A basic outline of this thread is:
  • What Parts are required/already a part of the EFI system
  • Getting it all together
  • Getting it to run correctly
  • Making power
Parts List

To make an EFI system work, you need to have all the parts. Most of these are stock with your Honda.
  • ECU
  • Fuel System
  • Ignition system
  • Map sensor/MAF sensor
  • O2/Lambda Sensor
  • Throttle Position Sensor

ECU - The brain of the electronic fuel injection system.
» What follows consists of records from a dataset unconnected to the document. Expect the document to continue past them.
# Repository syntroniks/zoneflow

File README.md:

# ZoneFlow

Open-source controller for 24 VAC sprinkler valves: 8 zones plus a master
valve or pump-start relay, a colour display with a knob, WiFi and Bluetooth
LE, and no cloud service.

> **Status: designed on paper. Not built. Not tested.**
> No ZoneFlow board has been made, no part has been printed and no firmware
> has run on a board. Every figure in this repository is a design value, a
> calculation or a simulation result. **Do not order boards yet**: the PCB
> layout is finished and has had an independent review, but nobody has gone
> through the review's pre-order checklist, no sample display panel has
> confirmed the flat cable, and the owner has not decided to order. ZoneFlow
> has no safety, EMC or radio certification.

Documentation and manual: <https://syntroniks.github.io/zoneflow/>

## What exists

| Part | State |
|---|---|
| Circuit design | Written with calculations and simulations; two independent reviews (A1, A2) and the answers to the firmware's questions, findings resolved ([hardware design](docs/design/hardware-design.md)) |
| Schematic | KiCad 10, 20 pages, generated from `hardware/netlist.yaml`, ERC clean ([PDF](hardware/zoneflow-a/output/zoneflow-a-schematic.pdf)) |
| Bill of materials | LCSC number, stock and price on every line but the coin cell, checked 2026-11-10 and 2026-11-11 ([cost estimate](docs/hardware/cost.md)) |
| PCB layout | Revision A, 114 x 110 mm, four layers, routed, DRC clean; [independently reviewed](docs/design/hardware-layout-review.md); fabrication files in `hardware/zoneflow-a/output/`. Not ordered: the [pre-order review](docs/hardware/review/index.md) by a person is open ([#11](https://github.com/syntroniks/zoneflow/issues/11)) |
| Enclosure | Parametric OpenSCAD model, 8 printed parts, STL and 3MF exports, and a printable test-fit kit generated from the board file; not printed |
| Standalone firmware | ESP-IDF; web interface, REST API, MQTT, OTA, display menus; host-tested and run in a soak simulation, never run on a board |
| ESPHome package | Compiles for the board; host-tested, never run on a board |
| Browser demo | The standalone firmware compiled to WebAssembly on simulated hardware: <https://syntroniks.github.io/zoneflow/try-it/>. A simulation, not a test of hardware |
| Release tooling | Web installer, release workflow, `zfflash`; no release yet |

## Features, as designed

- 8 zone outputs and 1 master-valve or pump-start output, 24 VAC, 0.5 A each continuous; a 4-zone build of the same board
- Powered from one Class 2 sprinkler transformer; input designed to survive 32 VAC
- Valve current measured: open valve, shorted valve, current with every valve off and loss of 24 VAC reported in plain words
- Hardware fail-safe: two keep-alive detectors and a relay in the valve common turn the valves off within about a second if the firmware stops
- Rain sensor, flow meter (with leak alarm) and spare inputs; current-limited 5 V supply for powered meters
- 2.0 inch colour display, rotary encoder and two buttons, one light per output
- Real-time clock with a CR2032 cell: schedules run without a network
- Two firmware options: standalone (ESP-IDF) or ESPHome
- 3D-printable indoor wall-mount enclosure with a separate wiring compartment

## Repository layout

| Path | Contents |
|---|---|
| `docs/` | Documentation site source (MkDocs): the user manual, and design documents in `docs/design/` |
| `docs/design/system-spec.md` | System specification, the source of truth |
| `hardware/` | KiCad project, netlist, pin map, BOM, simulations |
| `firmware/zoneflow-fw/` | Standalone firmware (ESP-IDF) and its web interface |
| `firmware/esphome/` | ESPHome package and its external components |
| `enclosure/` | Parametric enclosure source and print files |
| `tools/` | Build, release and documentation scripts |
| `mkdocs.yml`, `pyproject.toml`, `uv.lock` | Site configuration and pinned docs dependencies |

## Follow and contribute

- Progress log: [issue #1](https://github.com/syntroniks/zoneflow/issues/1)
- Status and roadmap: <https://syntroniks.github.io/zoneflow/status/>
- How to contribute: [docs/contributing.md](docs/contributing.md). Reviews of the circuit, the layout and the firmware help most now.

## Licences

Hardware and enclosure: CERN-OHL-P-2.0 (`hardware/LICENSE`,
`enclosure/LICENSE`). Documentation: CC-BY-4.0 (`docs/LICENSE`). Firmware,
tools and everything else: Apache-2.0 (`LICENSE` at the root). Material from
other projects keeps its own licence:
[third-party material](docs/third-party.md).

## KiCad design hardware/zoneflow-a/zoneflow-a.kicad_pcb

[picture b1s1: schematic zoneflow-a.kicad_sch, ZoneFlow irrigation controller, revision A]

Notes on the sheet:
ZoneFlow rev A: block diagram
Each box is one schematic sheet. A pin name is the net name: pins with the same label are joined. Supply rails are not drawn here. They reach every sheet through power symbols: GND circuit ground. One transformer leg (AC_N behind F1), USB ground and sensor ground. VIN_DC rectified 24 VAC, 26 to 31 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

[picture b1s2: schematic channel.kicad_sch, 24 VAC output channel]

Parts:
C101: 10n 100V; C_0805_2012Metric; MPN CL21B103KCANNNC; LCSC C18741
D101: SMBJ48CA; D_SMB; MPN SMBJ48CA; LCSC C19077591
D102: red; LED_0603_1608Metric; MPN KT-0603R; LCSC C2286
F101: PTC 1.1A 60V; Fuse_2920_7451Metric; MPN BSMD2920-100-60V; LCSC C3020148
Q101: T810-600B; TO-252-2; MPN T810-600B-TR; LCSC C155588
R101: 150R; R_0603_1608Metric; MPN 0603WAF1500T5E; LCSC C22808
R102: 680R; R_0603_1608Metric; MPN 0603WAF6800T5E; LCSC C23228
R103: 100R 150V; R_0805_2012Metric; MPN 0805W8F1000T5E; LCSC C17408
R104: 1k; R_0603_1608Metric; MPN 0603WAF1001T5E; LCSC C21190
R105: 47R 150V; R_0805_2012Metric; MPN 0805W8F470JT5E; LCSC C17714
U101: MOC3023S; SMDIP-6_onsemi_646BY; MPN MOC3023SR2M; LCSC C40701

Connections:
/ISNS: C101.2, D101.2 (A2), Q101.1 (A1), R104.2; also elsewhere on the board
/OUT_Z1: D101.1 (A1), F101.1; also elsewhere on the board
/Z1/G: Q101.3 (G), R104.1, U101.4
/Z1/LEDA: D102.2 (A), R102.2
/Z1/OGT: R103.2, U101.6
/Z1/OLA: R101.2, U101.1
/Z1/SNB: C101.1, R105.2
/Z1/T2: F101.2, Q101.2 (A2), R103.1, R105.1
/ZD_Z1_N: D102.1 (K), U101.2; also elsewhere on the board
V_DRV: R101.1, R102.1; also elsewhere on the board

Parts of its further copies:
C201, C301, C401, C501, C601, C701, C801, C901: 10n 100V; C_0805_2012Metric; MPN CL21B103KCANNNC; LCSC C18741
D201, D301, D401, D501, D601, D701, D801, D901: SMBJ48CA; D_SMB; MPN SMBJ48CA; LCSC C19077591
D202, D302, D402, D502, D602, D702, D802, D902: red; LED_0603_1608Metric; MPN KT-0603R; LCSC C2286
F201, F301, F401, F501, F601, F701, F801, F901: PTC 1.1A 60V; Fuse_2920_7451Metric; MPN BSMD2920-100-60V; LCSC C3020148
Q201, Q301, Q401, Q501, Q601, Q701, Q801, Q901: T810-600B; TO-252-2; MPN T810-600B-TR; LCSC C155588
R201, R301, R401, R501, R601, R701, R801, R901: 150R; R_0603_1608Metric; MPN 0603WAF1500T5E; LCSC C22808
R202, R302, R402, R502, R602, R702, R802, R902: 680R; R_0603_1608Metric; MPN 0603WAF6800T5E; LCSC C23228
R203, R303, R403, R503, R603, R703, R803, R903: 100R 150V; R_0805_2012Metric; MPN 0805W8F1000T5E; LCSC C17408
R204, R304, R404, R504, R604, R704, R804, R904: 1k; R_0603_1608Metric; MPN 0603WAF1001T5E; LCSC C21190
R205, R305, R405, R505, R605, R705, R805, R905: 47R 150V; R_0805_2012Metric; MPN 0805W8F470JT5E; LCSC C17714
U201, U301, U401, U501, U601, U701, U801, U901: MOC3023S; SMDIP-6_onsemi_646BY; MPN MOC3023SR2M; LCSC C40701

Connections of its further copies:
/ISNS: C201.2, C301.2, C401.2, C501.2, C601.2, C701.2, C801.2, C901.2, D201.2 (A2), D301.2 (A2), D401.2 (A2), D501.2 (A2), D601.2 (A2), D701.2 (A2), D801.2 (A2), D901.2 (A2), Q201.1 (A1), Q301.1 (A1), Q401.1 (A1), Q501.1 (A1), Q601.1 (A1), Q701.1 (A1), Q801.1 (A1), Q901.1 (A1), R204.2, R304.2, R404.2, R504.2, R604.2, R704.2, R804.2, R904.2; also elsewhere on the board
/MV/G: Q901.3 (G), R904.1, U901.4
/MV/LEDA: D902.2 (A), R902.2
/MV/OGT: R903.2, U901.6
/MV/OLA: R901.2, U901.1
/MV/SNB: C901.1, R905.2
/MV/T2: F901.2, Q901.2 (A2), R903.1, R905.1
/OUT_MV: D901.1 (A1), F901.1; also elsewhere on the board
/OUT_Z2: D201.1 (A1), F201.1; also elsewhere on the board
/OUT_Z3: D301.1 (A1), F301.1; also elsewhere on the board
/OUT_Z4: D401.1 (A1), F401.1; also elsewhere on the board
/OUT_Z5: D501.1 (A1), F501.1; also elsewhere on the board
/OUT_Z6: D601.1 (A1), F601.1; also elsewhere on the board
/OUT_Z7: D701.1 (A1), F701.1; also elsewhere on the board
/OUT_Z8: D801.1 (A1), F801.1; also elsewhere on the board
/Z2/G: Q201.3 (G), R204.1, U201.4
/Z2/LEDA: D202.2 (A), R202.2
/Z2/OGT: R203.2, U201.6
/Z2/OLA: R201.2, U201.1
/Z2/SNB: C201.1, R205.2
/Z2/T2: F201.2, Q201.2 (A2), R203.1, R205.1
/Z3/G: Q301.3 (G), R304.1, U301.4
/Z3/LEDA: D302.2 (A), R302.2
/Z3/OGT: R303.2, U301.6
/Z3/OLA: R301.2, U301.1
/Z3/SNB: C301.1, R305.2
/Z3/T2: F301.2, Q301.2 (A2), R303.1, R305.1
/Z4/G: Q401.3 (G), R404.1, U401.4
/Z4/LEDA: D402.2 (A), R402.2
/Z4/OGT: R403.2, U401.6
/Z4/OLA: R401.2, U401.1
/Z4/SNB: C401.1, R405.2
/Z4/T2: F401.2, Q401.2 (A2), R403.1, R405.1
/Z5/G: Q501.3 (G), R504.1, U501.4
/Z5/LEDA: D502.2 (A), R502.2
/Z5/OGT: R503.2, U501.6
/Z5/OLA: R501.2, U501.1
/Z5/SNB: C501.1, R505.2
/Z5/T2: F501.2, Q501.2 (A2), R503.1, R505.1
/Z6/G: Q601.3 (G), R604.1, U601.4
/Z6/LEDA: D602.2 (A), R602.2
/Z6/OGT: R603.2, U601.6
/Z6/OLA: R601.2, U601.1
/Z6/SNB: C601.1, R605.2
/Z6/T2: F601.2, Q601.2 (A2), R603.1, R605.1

The ECU gathers information from various sensorsabout what is happening. With this info gathered, the ECU will calculate output values to other sensors such as fuel duration, ignition timing, idel speed, and so forth.

Fuel System - Without fuel, the engine will never run. A Complete system includes the fuel tank/cell, pump, filter(s), injectors, pressure regulator, and lines to get it there.

Ignition system - Without a spark, the fuel won't combust and make power. From the distributor and all the parts in it such as the coil, ICM, Ignitor, and so forth,to the actual plugs and wires, a complete ignition system is an integral part of a complete EFI system.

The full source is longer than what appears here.